3.1. Applicability Restrictions and Cautions

   This document only considers the use of the AIGP attribute in
   networks where each router uses tunneling of some sort to deliver a
   packet to its BGP next hop.  Use of the AIGP attribute in networks
   that do not use tunneling is outside the scope of this document.

   If a Route Reflector supports the AIGP attribute, but some of its
   clients do not, then the routing choices that result may not all
   reflect the intended routing policy.

3.2. Restrictions on Sending/Receiving

   An implementation that supports the AIGP attribute MUST support a
   per-session configuration item, AIGP_SESSION, that indicates whether
   the attribute is enabled or disabled for use on that session.

     - The default value of AIGP_SESSION, for EBGP sessions, MUST be

     - The default value of AIGP_SESSION, for IBGP and confederation-
       EBGP sessions, MUST be "enabled."

   The AIGP attribute MUST NOT be sent on any BGP session for which
   AIGP_SESSION is disabled.

   If an AIGP attribute is received on a BGP session for which
   AIGP_SESSION is disabled, the attribute MUST be treated exactly as if
   it were an unrecognized non-transitive attribute.  That is, "it MUST
   be quietly ignored and not passed along to other BGP peers" (see
   [BGP], section 5).

3.3. Creating and Modifying the AIGP Attribute

3.3.1. Originating the AIGP Attribute

   A BGP speaker MUST NOT add the AIGP attribute to any route whose path
   leads outside the AS to which the BGP speaker belongs.  It may be
   added only to routes that satisfy one of the following conditions:

     - The route is a static route that is being redistributed into BGP

     - The route is an IGP route that is being redistributed into BGP

     - The route is an IBGP-learned route whose AS_PATH attribute is

   An implementation that supports the AIGP attribute MUST support a
   configuration item, AIGP_ORIGINATE, that enables or disables its
   creation and attachment to routes.  The default value of
   AIGP_ORIGINATE MUST be "disabled".

   It SHOULD be possible to set AIGP_ORIGINATE to "enabled for the
   routes of a particular IGP that are redistributed into BGP" (where "a
   particular IGP" might be "OSPF" or "ISIS").

   When a BGP speaker R learns a route to address prefix P from an IGP,
   the IGP will have computed a "distance" from R  to P.  The value
   assigned to the AIGP attribute is either the IGP-computed distance,
   or some other value determined by policy.

   In the case of a static route whose next hop matches a BGP route that
   has an AIGP attribute, the static route MAY inherit the AIGP
   attribute value of that BGP route.

3.3.2. Modifications by the Originator

   If BGP speaker R is the originator of the AIGP attribute of prefix P,
   and at some point the distance from R to P changes, R SHOULD issue a
   new BGP update containing the new value of the AIGP attribute.
   However, if the difference between the new distance and the distance
   advertised in the AIGP attribute is less than a configurable
   threshold, the update MAY be suppressed.

3.3.3. Modifications by a Non-Originator

   Suppose a BGP speaker R1 receives a route with an AIGP attribute
   whose value is A, and a Next Hop whose value is R2.  Suppose also
   that R1 is about to redistribute that route on a BGP session that is
   enabled for sending/receiving the attribute.

   If R1 does not change the Next Hop of the route, then R1 MUST NOT
   change the AIGP attribute value of the route.

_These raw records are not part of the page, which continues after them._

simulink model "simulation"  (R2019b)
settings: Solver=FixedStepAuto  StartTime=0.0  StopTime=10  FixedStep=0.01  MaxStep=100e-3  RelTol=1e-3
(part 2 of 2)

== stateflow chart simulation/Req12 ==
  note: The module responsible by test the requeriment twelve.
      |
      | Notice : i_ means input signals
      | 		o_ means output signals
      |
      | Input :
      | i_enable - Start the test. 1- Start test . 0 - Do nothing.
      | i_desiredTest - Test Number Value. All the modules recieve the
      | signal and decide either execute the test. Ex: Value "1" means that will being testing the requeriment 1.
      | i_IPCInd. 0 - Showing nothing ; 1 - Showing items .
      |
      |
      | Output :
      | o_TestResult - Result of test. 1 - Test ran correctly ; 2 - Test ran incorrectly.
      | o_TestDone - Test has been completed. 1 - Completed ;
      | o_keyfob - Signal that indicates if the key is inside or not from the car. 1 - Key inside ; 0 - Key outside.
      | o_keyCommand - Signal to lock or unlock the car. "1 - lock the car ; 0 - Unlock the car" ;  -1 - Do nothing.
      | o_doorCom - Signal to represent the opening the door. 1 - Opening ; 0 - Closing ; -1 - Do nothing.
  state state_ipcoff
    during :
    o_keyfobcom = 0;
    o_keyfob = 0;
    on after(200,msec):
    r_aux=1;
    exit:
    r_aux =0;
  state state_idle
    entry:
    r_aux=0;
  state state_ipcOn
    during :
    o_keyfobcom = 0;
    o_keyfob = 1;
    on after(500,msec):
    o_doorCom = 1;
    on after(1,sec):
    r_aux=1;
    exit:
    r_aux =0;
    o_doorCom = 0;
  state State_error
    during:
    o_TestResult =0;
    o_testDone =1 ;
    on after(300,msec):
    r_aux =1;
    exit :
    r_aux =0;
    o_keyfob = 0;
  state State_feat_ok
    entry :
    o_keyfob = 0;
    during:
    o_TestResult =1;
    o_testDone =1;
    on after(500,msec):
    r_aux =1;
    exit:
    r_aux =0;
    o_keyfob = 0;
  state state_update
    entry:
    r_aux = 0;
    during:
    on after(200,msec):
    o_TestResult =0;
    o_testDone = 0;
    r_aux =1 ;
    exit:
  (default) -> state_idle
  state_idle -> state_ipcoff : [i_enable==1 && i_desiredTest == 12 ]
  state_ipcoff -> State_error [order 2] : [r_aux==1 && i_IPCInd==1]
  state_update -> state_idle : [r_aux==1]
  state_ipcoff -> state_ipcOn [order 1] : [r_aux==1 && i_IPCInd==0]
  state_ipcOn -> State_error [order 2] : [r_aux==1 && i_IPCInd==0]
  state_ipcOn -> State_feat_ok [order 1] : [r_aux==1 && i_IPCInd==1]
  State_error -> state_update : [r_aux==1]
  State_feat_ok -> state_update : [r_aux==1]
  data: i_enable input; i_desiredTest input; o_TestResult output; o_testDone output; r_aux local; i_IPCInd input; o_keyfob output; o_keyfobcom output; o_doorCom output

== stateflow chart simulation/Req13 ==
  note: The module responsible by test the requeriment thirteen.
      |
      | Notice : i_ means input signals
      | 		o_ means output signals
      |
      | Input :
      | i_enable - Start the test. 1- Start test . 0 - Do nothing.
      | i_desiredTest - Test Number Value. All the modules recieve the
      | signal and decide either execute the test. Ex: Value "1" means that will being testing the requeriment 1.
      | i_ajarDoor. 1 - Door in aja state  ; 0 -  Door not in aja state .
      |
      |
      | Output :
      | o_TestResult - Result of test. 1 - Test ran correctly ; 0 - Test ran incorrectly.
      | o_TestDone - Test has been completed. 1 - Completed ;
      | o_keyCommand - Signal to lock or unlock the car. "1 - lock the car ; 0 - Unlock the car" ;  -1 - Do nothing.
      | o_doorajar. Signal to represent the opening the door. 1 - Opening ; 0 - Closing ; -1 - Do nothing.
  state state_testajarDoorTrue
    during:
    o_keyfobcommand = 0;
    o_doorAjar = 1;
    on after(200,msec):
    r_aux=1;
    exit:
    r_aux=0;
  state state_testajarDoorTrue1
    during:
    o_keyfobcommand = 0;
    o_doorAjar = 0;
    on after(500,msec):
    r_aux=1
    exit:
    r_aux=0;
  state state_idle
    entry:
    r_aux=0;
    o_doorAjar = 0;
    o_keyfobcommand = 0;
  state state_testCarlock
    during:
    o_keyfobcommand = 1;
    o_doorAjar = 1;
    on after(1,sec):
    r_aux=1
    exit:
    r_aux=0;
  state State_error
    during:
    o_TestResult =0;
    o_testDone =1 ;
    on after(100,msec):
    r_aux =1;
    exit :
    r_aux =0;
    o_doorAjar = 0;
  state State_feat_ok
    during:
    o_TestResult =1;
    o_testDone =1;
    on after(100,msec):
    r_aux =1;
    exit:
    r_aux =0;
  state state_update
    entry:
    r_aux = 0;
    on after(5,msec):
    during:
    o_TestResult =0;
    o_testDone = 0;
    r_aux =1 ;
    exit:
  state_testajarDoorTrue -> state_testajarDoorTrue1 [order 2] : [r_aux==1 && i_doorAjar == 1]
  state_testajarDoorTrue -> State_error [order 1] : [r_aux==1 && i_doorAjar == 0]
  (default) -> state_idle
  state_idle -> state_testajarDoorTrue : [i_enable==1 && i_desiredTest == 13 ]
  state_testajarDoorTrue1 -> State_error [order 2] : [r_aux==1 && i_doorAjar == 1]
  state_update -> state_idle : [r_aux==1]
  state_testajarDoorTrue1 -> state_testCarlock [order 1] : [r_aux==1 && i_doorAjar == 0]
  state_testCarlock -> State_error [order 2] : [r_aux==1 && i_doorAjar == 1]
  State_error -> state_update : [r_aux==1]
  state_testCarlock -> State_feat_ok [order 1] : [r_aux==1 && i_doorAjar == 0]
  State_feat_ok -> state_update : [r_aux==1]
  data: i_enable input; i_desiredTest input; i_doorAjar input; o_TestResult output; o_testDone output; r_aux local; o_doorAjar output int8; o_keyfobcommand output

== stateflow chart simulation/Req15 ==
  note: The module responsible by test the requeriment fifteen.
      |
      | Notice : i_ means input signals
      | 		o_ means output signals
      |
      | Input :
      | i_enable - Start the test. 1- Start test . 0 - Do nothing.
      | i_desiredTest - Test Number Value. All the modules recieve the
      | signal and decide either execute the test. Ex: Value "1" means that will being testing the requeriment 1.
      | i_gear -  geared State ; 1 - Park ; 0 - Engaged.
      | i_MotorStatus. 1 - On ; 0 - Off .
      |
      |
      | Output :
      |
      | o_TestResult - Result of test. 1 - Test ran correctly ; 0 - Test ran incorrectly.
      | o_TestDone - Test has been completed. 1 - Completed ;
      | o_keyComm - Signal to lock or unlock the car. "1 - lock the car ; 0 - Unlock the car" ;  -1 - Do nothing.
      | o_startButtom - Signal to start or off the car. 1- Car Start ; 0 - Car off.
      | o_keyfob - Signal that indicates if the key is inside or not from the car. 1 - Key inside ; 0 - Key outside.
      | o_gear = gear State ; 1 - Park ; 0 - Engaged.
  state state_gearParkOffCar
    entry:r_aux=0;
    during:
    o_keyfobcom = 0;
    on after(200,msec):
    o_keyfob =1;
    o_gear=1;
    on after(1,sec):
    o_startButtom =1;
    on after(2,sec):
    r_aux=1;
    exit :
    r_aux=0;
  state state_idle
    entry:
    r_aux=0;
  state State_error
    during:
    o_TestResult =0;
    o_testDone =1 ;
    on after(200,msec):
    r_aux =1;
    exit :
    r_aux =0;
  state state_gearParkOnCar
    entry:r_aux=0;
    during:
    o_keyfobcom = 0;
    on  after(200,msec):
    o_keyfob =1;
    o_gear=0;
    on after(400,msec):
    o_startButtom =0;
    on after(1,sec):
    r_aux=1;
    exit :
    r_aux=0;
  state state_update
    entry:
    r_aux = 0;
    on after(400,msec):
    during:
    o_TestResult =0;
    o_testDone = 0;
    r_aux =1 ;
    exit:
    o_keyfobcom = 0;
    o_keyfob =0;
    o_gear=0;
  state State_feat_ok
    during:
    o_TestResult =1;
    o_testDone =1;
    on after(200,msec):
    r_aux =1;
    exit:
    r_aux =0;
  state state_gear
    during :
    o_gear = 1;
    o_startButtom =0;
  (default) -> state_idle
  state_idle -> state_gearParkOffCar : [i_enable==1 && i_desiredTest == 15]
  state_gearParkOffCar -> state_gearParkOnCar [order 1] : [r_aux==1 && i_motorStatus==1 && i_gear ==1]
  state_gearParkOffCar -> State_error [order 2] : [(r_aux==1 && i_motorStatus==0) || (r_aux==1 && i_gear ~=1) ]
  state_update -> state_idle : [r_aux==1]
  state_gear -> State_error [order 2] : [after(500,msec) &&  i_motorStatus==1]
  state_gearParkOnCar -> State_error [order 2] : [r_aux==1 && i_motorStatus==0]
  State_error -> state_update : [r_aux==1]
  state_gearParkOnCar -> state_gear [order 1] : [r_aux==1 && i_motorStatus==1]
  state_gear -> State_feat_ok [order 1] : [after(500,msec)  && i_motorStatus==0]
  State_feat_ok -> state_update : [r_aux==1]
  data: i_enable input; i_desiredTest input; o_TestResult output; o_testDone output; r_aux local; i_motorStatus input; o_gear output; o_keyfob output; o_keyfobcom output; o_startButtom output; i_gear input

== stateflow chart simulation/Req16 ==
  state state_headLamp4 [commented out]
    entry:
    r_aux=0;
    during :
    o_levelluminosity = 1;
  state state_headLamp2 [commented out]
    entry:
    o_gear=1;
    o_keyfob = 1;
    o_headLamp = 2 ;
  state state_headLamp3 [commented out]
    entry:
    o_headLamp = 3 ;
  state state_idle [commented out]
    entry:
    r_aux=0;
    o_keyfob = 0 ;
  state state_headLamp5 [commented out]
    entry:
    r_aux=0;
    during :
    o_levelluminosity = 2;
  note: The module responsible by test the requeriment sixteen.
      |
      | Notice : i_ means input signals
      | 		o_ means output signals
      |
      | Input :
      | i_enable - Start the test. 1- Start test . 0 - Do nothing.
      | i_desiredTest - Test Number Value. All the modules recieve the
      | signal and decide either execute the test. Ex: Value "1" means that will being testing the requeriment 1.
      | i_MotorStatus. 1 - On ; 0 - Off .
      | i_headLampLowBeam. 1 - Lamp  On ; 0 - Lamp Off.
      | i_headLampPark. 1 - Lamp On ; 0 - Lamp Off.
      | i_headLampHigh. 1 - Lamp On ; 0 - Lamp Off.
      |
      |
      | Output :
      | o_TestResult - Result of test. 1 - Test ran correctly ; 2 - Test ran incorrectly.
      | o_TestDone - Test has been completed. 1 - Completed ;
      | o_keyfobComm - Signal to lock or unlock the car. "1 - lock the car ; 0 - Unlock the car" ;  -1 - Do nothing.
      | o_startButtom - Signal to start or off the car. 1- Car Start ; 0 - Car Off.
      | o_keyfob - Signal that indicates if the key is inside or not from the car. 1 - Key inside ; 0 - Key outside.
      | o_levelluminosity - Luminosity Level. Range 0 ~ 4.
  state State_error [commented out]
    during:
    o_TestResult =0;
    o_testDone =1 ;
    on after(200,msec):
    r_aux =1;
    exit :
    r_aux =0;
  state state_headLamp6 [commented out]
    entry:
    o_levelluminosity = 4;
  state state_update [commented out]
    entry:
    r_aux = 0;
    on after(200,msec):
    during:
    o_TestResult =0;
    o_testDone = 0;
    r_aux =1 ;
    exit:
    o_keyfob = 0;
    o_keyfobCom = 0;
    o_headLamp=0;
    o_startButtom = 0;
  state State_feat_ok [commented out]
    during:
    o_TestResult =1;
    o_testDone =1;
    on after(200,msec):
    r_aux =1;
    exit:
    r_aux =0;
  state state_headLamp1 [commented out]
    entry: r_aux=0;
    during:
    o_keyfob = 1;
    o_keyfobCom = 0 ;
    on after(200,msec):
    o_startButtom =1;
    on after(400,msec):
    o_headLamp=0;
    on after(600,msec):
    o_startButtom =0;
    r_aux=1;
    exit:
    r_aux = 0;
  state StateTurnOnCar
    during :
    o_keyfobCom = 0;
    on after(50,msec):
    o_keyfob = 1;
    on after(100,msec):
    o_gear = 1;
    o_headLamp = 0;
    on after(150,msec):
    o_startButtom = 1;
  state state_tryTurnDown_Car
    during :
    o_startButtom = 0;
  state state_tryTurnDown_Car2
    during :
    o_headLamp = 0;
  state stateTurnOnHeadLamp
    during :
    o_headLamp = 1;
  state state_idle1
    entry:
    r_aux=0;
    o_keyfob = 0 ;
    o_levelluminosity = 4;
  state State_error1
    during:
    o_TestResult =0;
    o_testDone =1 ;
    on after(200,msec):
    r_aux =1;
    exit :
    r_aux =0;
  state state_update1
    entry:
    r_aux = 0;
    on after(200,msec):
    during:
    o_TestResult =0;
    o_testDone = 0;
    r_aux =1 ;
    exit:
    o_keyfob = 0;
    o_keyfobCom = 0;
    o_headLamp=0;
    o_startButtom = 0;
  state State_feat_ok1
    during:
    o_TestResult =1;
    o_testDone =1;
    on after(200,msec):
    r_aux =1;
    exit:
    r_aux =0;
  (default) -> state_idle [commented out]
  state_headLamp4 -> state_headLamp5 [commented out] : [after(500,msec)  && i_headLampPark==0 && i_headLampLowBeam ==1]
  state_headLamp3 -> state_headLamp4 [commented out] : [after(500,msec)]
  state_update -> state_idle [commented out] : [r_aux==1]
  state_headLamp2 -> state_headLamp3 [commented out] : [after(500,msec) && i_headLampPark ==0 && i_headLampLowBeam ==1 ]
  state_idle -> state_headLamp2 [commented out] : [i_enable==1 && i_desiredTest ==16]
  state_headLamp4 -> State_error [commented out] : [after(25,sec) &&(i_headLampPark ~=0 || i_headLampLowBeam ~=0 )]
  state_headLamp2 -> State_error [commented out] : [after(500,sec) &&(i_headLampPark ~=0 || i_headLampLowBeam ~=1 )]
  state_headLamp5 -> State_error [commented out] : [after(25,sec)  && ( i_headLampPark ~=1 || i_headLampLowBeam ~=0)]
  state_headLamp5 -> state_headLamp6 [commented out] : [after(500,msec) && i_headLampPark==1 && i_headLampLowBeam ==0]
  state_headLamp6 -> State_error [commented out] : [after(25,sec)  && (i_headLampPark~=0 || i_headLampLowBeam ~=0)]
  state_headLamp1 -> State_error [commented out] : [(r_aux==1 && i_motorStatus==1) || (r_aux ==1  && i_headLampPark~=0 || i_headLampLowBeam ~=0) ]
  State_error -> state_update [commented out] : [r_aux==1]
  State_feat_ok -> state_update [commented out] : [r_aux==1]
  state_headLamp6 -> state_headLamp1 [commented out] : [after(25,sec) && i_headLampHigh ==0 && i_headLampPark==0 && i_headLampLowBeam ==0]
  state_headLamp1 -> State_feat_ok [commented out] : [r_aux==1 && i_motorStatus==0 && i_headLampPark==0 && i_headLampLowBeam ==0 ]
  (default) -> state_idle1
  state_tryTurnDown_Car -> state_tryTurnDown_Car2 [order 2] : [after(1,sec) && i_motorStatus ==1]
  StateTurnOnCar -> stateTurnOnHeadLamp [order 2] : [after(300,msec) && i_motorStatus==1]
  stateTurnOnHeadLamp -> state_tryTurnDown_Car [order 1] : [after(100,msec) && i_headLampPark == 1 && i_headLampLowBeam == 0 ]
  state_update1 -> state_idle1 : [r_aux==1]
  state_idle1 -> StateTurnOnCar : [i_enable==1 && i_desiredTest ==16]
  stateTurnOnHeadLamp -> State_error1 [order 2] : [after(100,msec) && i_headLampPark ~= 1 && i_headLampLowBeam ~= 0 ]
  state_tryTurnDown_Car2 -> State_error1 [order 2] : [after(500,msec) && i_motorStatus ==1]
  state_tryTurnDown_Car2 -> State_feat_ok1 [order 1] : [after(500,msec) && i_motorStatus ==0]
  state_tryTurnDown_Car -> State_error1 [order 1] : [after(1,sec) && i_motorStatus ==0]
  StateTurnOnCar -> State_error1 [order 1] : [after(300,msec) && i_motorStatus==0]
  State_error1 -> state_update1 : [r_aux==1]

   If R1 changes the Next Hop of the route from R2 to R1, and if R1's
   route to R2 is an IGP-learned route, or a static route that does not
   require recursive next hop resolution, then R1 must increase the
   value of the AIGP attribute by adding to A the distance from R1 to
   R2.  This distance is either the IGP-computed distance from R1 to R2,
   or some value determined by policy.  However, A MUST be increased by
   a non-zero amount.

   Note that if R1 and R2 above are EBGP neighbors, and there is a
   direct link between them on which no IGP is running, then when R1
   changes the next hop of a route from R2 to R1, the AIGP metric value
   MUST be increased by a non-zero amount.  The amount of the increase
   SHOULD be such that it is properly comparable to the IGP metrics.
   E.g., if the IGP metric is a function of latency, then the amount of
   the increase should be a function of the latency from R1 to R2.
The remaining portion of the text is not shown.